A243: Yes, the high voltage power supply 583 for the second developing bias and the clutch of the second developing device 206 are turned off (step A244). After that, the second charging potential control is stopped and the second charger 204 is turned off (step A245).
The color print mode is set (step A246), and the print request IPREQ is turned on as shown in FIG. 14 (e) (step 249).

If it is not the second color print mode in step A227,
It is determined whether the first developing device 203 is out of the first color toner (step A228), and then it is determined whether the second developing device 206 is out of the second color toner (step A229). If there is no toner in steps A228 and A229, FIG. 14 (e)
The print ready IPRDY is turned off as shown in (Step A
253). If toner is present in steps A228 and A229, the process proceeds to step A249 and the second charging potential control as shown in FIG. 18 is performed twice (step A230).

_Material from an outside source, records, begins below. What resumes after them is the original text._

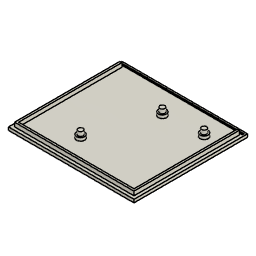
spodn kryt (Autodesk Fusion 360 design; units mm, degrees)
Autodesk Fusion 360 part; units mm, degrees
sketch "Sketch1" plane through (0, 0, 0) normal (0, 0, 1) x (1, 0, 0)
  circle A0 centre (69.6728, 78.3) radius 2.5
  circle A1 centre (10.1728, 16.1) radius 2.5
  line L0 (-29.7202, -5) -> (-29.7202, 96.8)
  line L1 (-29.7202, 96.8) -> (83.8798, 96.8)
  line L2 (83.8798, -5) -> (83.8798, 96.8)
  line L3 (-34.7202, -10) -> (88.8798, -10)
  line L4 (88.8798, -10) -> (88.8798, 96.8)
  line L5 (-34.7202, 96.8) -> (-34.7202, -10)
  line L6 (-31.7202, -7) -> (85.8798, -7)
  line L7 (85.8798, -7) -> (85.8798, 96.8)
  line L8 (-31.7202, 96.8) -> (-31.7202, -7)
  line L9 (-29.7202, -5) -> (83.8798, -5)
  circle A2 centre (10.1728, 16.1) radius 4
  circle A3 centre (31.1728, 75.7) radius 4
  circle A4 centre (69.6728, 78.3) radius 4
  circle A5 centre (31.1728, 75.7) radius 2.5
  line L10 (83.8798, 96.8) -> (88.8798, 96.8)
  line L11 (-29.7202, 96.8) -> (-34.7202, 96.8)
  dimension "d2" = 5
  dimension "d3" = 5
  dimension "d16" = 5
  dimension "d18" = 5
  dimension "d21" = 3
  dimension "d22" = 3
  dimension "d23" = 3
  dimension "d26" = 113.6
  dimension "d29" = 117.6
  dimension "d33" = 5
  dimension "d42" = 8
  dimension "d43" = 8
  dimension "d44" = 8
  dimension "d45" = 14.207
  dimension "d46" = 18.5
  dimension "d47" = 52.707
  dimension "d48" = 21.1
  dimension "d52" = 39.893
  dimension "d53" = 80.7
  dimension "d54" = 5
  dimension "d55" = 5
  constraint vertical L0
  constraint horizontal L1
  constraint vertical L2
  constraint horizontal L3
  constraint vertical L4
  constraint vertical L5
  constraint horizontal L6
  constraint vertical L7
  constraint vertical L8
  constraint horizontal L9
  constraint concentric A1 A2
  constraint concentric A0 A4
  constraint concentric A3 A5
  constraint perpendicular L4 L10
  constraint perpendicular L5 L11
  constraint coincident L11 L8.start
  constraint coincident L10 L7.end
  measures "d2" diameter of A0
  measures "d3" diameter of A1
  measures "d16" distance of L0 L5
  measures "d18" distance of L2 L4
  measures "d21" distance of L5 L8
  measures "d22" distance of L3 L6
  measures "d23" distance of L4 L7
  measures "d26" distance of L0.start L2.start
  measures "d29" distance of L6.start L6.end
  measures "d33" distance of L3 L9
  measures "d42" diameter of A2
  measures "d43" diameter of A3
  measures "d44" diameter of A4
  measures "d45" horizontal distance of A0.centre L1.end
  measures "d46" vertical distance of A0.centre L1.end
  measures "d47" horizontal distance of L1.end A3.centre
  measures "d48" vertical distance of L1.end A3.centre
  measures "d52" distance of A1.centre L0
  measures "d53" distance of A1.centre L1
  measures "d54" distance of origin L9
  measures "d55" diameter of A5
extrude "Extrude1" add sketch "Sketch1" along normal blind 3 contours L0 L1 L2 L9 | A2 | A3 | A4 | A5 makes body 1
extrude "Extrude2" add sketch "Sketch1" along normal blind 7 separate body contours L0 L2 L6 L7 L8 L9 L10 L11 makes body 2
extrude "Extrude3" add sketch "Sketch1" along normal blind 3 separate body contours L3 L4 L5 L6 L7 L8 L10 L11 makes body 3
extrude "Extrude4" add sketch "Sketch1" along normal blind 10 contours A0 | A1 bodies 1
extrude "Extrude5" add sketch "Sketch1" along normal blind 6 contours A2 | A3 | A4 | A5 bodies 1
extrude "Extrude6" add sketch "Sketch1" along normal blind 10 contours A5 bodies 1
sketch "Sketch2" plane through (88.8798, 0, 0) normal (1, 0, 0) x (0, 1, 0)
  line L0 (-10, 0) -> (96.8, 0)
  line L1 (96.8, 0) -> (96.8, 3)
  line L2 (96.8, 3) -> (-10, 3)
  line L3 (-10, 3) -> (-10, 0)
  line L4 (96.8, 0) -> (101.8, 0)
  line L5 (101.8, 0) -> (101.8, 3)
  line L6 (96.8, 3) -> (96.8, 0)
  line L7 (100.1, 3) -> (100.1, 1.7)
  line L8 (100.1, 1.7) -> (98.5, 1.7)
  line L9 (98.5, 1.7) -> (98.5, 3)
  line L10 (101.8, 3) -> (100.1, 3)
  line L11 (98.5, 3) -> (96.8, 3)
  dimension "d58" = 5
  dimension "d59" = 3
  dimension "d60" = 1.6
  dimension "d61" = 1.7
  dimension "d62" = 1.7
  constraint horizontal L4
  constraint vertical L5
  constraint horizontal L10
  constraint vertical L6
  constraint coincident L0.end L1.start
  constraint vertical L7
  constraint horizontal L8
  constraint vertical L9
  constraint coincident L9.end L10
  constraint collinear L10 L11
  measures "d58" distance of L0.end L4.end
  measures "d59" distance of L0.end L1.end
  measures "d60" distance of L7.end L8.end
  measures "d61" distance of L6 L9
  measures "d62" distance of L4 L8
extrude "Extrude7" add sketch "Sketch2" against normal blind 123.6 contours L1 L4 L5 L6 L7 L8 L9 L10 L11 bodies 1 2 3
sketch "Sketch3" plane through (0, 0, 3) normal (0, 0, 1) x (-1, 0, 0)
  line L0 (-85.8798, -96.8) -> (-85.8798, 7)
  line L1 (-85.8798, 7) -> (31.7202, 7)
  line L2 (31.7202, 7) -> (31.7202, -96.8)
  line L3 (31.7202, -96.8) -> (29.7202, -96.8)
  line L4 (29.7202, -96.8) -> (29.7202, 5)
  line L5 (29.7202, 5) -> (-83.8798, 5)
  line L6 (-83.8798, 5) -> (-83.8798, -96.8)
  line L7 (-83.8798, -96.8) -> (-85.8798, -96.8)
  circle A0 centre (-31.1728, -75.7) radius 4
  circle A1 centre (-10.1728, -16.1) radius 4
  circle A2 centre (-69.6728, -78.3) radius 4
  line L8 (-88.8798, 10) -> (-88.8798, -98.5)
  line L9 (-88.8798, -98.5) -> (34.7202, -98.5)
  line L10 (34.7202, -98.5) -> (34.7202, -96.8)
  line L11 (34.7202, -96.8) -> (34.7202, 10)
  line L12 (34.7202, 10) -> (-88.8798, 10)
  line L13 (34.7202, -98.5) -> (33.0202, -98.5)
  line L14 (33.0202, -98.5) -> (33.0202, -100.1)
  line L15 (33.0202, -100.1) -> (34.7202, -100.1)
  line L16 (34.7202, -100.1) -> (34.7202, -98.5)
  line L17 (-88.8798, -98.5) -> (-87.1798, -98.5)
  line L18 (-87.1798, -98.5) -> (-87.1798, -100.1)
  line L19 (-87.1798, -100.1) -> (-88.8798, -100.1)
  line L20 (-88.8798, -100.1) -> (-88.8798, -98.5)
  dimension "d65" = 1.7
  dimension "d66" = 1.6
  dimension "d67" = 1.7
  dimension "d68" = 1.6
  constraint horizontal L13
  constraint vertical L14
  constraint horizontal L15
  constraint vertical L16
  constraint coincident L9.end L10.start
  constraint horizontal L17
  constraint vertical L18
  constraint horizontal L19
  constraint vertical L20
  constraint coincident L8.end L9.start
  measures "d65" distance of L9.end L13.end
  measures "d66" distance of L9.end L15.end
  measures "d67" distance of L8.end L17.end
  measures "d68" distance of L8.end L19.end
extrude "Extrude8" add sketch "Sketch3" against normal blind 1.3 contours L9 L17 L18 L19 L20 | L9 L13 L14 L15 L16 bodies 1
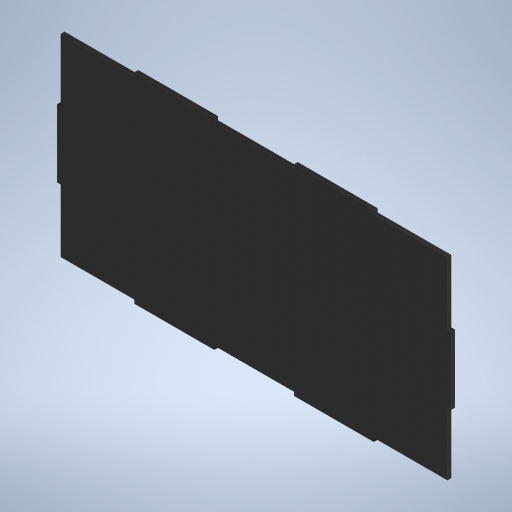
# Autodesk Inventor part: Final Product backplate
Saved by Autodesk Inventor 2024 (Build 280153000, 153)
## iProperties
Created: 2024-02-22
Part Number: Final Product backplate
Material: Generic
Document SubType Name: Modeling
Designer: flynf
Density: 1 g/cm^3
Appearance: Black Cast
Author: flynf
Autodesk Inventor part; units mm, degrees
ref_plane "YZ Plane" through (0, 0, 0) normal (1, 0, 0) x (0, 1, 0)
ref_plane "XZ Plane" through (0, 0, 0) normal (0, 1, 0) x (-1, 0, 0)
ref_plane "XY Plane" through (0, 0, 0) normal (0, 0, 1) x (1, 0, 0)
sketch "Sketch1" plane through (0, 0, 0) normal (0, 0, 1) x (1, 0, 0)
  line L0 (0, 0) -> (-2032, 0)
  line L1 (-2032, 0) -> (-2032, 1016)
  line L2 (-2032, 1016) -> (0, 1016)
  line L3 (0, 1016) -> (0, 0)
  line L4 (19.05, 1035.05) -> (-2051.05, 1035.05)
  line L5 (-2051.05, 1035.05) -> (-2051.05, -19.05)
  line L6 (-2051.05, -19.05) -> (19.05, -19.05)
  line L7 (19.05, -19.05) -> (19.05, 1035.05)
  line L8 (-1644.65, 1016) -> (-1644.65, 1035.05)
  line L9 (-1225.55, 1016) -> (-1225.55, 1035.05)
  line L10 (-806.45, 1016) -> (-806.45, 1035.05)
  line L11 (-387.35, 1016) -> (-387.35, 1035.05)
  line L12 (-1644.65, -19.05) -> (-1644.65, 0)
  line L13 (-1225.55, -19.05) -> (-1225.55, 0)
  line L14 (-806.45, -19.05) -> (-806.45, 0)
  line L15 (-387.35, -19.05) -> (-387.35, 0)
  line L16 (0, 330.2) -> (19.05, 330.2)
  line L17 (0, 685.8) -> (19.05, 685.8)
  line L18 (-2032, 685.8) -> (-2051.05, 685.8)
  line L19 (-2032, 330.2) -> (-2051.05, 330.2)
  point P0 (-1644.65, 0)
  point P1 (-1225.55, 0)
  point P2 (-806.45, 0)
  point P3 (-387.35, 0)
  dimension "d0" = 2032
  dimension "d1" = 1016
  dimension "d2" = 19.05
  dimension "d3" = 406.4
  dimension "d4" = 419.1
  dimension "d5" = 419.1
  dimension "d6" = 419.1
  dimension "d7" = 419.1
  dimension "d8" = 419.1
  dimension "d9" = 419.1
  dimension "d10" = 349.25
  dimension "d11" = 349.25
  dimension "d12" = 355.6
  dimension "d13" = 406.4
  dimension "d14" = 349.25
  dimension "d15" = 349.25
  constraints: 40 end point, 16 point on line, 8 parallel, 7 perpendicular, 2 horizontal, 3 other
  measures "d0" distance of L1.end L2.end
  measures "d1" distance of L0.end L1.end
  measures "d2" distance between parallel lines of L2 L4
  measures "d3" distance between parallel lines of L5 L8
  measures "d4" distance between parallel lines of L9 L8
  measures "d5" distance between parallel lines of L10 L9
  measures "d6" distance between parallel lines of L11 L10
  measures "d7" distance between parallel lines of L13 L12
  measures "d8" distance between parallel lines of L14 L13
  measures "d9" distance between parallel lines of L15 L14
  measures "d10" distance between parallel lines of L16 L6
  measures "d11" distance between parallel lines of L4 L17
  measures "d12" distance between parallel lines of L17 L16
  measures "d13" distance between parallel lines of L5 L12
  measures "d14" distance between parallel lines of L4 L18
  measures "d15" distance between parallel lines of L6 L19
extrude "Extrusion1" add sketch "Sketch1" along normal blind 19.05 contours L0 L1 L2 L3 | L15 L6 L14 L0 | L3 L17 L7 L16 | L13 L6 L12 L0 | L2 L10 L4 L11 | L19 L5 L18 L1 | L2 L8 L4 L9
body "Solid1"

In Figure 14 (e), the print request of step A249
After the process of turning on IPREQ, it is judged whether or not the print start signal IPRNT is turned on (step A250), and if it is not turned on (No at step A250), it is determined whether 5 seconds have elapsed since the print request IPREQ was turned on. (Step A25
1) If 5 seconds have not passed (No at step A250),
Return to step A250. If the print start signal IPRNT is turned on in step A250, the print request IPREQ is turned off (step A252), and it is determined whether the print mode is changed (step A267). If the print mode has been changed (Yes at Step A267), Step A1
Returning to step 77, the first developing device 203 or the second developing device 206 is made ready for development during steps A177 to A193. If the print mode has not been changed (No at step A267), the process returns to step A194, and the processing between steps A177 to A193 is omitted. However, in any of the printing modes, since the processing is repeated without performing the processing of steps A101 to A176, the recording operation is continued without temporarily stopping the two-color laser printer 199.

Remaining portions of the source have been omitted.